Wawan menyebut sebagai kepala daerah, Gibran seharusnya juga bijak memikirkan anak buahnya. Apalagi, pungli menjelang Lebaran atau hari besar itu sudah menjadi tradisi cukup lama.

"Bisa jadi mereka ini terdesak karena kebutuhan macam-macam lalu melakukan," katanya.

Wawan pun menyarankan agar Gibran segera memperbaiki sistem yang ada, misalnya saja soal penganggaran untuk Linmas. Sebagai garda terdepan, kata Wawan, para petugas Linmas ini juga harus bisa menampilkan pesan dari Pemkot Solo.

"Baik secara kinerja maupun kesejahteraan. Bisa dengan skema anggaran atau yang lain," sarannya.

Wawan mengatakan selama ini Linmas di berbagai daerah selalu mendapatkan stigma. Dari mulai bekerja saat bencana, urusan keamanan saat hajatan warga maupun pemerintah, seringkali Linmas tidak mendapatkan insentif atau pun penghargaan yang sesuai.

"Oleh karena itu, selain memberantas pungli, setelah itu harus ada kebijakan yang bisa menyejahterakan mereka. Apa pun, mereka pasti karena terdesak melakukan itu," ujarnya.

Diberitakan sebelumnya, Gibran mencopot Lurah Gajahan, Suparno yang diduga terlibat pungutan liar (pungli) bermodus zakat dan sedekah bersama petugas linmas. Usai dicopot, Suparno kini ditugaskan di kantor Kecamatan Pasar Kliwon dan tugasnya sebagai lurah dijalankan Plt.

"Sekarang yang bersangkutan untuk sementara di kantor Kecamatan Pasar Kliwon. Hari ini tadi masih di kelurahan beres-beres saja," kata Camat Pasar Kliwon, Ari Dwi Daryatmo saat dijumpai di Balai Kota Solo, Senin (3/5).

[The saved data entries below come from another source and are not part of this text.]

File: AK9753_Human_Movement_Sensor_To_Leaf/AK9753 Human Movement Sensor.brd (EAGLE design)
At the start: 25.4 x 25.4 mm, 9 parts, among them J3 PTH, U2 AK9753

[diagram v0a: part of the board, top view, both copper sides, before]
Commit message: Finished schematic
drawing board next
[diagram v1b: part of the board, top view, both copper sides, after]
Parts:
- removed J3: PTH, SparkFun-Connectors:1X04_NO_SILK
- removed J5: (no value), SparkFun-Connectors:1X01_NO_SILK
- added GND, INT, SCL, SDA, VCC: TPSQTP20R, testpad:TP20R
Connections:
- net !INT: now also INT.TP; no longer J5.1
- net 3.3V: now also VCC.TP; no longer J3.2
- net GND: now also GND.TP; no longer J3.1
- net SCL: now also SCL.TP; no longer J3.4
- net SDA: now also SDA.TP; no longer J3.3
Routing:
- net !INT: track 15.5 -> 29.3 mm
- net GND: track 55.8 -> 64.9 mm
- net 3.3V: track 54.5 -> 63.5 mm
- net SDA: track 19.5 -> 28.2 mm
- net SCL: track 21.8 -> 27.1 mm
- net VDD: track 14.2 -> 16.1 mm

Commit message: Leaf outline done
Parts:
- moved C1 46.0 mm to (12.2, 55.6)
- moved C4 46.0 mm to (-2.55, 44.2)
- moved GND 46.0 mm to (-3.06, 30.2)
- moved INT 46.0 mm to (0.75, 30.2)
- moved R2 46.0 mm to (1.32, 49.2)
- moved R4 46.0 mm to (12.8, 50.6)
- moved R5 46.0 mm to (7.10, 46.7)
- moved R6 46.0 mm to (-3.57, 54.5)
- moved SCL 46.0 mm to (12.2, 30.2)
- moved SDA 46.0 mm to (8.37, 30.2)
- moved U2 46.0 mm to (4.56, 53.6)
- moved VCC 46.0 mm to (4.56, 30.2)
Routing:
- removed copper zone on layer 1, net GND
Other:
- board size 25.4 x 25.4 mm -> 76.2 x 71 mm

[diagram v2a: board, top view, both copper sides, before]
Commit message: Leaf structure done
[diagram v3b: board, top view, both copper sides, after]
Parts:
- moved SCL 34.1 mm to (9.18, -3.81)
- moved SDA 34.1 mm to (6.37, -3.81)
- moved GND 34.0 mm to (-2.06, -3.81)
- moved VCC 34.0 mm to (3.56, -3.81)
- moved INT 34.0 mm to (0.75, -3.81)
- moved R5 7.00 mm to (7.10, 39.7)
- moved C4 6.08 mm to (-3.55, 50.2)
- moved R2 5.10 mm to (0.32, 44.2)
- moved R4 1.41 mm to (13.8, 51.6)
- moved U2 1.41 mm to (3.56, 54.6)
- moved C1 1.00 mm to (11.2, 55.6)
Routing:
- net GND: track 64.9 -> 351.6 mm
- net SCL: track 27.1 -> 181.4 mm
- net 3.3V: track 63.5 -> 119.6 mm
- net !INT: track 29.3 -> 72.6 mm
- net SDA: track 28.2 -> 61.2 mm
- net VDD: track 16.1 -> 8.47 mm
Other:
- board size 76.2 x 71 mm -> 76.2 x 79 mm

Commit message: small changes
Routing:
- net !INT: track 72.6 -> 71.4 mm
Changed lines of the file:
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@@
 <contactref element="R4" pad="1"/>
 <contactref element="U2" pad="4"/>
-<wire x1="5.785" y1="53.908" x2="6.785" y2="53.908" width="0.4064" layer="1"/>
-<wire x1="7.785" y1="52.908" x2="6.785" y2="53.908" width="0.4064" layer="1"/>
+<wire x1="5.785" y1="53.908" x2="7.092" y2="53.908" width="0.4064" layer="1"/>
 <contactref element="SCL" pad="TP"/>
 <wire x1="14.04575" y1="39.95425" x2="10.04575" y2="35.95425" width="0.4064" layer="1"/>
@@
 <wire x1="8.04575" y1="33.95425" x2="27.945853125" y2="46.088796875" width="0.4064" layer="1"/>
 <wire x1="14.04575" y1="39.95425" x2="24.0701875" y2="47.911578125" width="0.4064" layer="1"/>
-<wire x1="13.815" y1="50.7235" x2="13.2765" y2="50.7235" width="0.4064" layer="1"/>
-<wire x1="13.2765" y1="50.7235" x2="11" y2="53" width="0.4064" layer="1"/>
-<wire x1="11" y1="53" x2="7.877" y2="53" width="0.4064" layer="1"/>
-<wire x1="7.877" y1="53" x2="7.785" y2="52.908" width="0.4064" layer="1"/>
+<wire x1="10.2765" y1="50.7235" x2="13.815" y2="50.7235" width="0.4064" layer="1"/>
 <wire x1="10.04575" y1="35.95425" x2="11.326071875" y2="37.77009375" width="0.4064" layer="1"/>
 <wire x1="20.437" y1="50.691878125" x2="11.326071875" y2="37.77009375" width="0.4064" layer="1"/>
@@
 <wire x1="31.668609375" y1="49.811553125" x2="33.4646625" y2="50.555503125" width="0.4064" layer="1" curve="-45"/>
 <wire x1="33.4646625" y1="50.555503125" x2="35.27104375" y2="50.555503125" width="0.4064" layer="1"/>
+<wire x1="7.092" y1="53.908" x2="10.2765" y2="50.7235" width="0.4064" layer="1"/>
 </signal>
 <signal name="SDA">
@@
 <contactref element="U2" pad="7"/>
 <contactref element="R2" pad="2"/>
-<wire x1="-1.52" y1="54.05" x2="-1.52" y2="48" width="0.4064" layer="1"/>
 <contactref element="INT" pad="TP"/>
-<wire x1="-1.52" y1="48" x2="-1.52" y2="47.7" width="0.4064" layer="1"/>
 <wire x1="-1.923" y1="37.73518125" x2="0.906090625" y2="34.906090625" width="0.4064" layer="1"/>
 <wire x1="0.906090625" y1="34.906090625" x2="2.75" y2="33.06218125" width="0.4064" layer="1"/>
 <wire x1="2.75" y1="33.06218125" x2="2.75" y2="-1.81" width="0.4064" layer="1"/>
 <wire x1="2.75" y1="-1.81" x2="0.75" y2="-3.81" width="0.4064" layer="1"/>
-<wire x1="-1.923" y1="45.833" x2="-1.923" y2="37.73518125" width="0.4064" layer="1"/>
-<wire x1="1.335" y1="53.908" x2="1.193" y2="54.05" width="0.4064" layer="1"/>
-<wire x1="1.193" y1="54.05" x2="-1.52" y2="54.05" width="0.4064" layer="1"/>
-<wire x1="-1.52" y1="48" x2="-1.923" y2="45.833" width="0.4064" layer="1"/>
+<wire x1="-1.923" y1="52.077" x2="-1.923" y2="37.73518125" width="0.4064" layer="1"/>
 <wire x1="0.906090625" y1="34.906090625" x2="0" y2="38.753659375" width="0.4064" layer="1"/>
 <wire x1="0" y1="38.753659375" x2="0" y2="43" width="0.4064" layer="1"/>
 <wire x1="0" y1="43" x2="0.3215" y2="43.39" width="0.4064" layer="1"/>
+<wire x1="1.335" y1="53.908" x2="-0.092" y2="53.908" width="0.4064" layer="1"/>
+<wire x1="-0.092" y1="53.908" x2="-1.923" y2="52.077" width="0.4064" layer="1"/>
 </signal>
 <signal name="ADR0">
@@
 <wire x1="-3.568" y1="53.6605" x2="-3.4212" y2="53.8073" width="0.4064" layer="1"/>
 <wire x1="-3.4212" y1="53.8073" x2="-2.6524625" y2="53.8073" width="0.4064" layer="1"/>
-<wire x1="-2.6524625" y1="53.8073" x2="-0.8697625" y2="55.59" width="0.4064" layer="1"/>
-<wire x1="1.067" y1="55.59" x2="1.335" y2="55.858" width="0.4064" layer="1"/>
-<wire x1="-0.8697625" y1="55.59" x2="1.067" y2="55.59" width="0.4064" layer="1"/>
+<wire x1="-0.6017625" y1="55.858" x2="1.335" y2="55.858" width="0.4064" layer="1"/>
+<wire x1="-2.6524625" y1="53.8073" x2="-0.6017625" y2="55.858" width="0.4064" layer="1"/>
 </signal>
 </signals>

Suparno yang menjabat Lurah Gajahan itu menandatangani surat edaran permohonan dana zakat dan sedekah hari raya Idul Fitri yang dibuat oleh Linmas Gajahan. Surat tersebut lalu digunakan untuk petugas linmas berkeliling meminta dana seikhlasnya kepada masyarakat.

Gibran menyebut tindakan tersebut dilarang dalam Surat Edaran (SE) Komisi Pemberantasan Korupsi nomor 13 tahun 2021 tentang Pencegahan Korupsi dan Pengendalian Gratifikasi Hari Raya. Pada poin 4 tertulis larangan meminta dana dengan mengatasnamakan Tunjangan Hari Raya ataupun sebutan lain.

Dia pun mengembalikan uang dari masyarakat yang sudah diserahkan kepada linmas. Gibran juga meminta maaf atas ketidaknyamanan tersebut, serta meminta masyarakat tidak takut untuk melapor.

Simak video 'Momen Gibran Keliling Pertokoan, Kembalikan Uang Pungli Zakat':

[Gambas:Video 20detik]



(ams/mbr)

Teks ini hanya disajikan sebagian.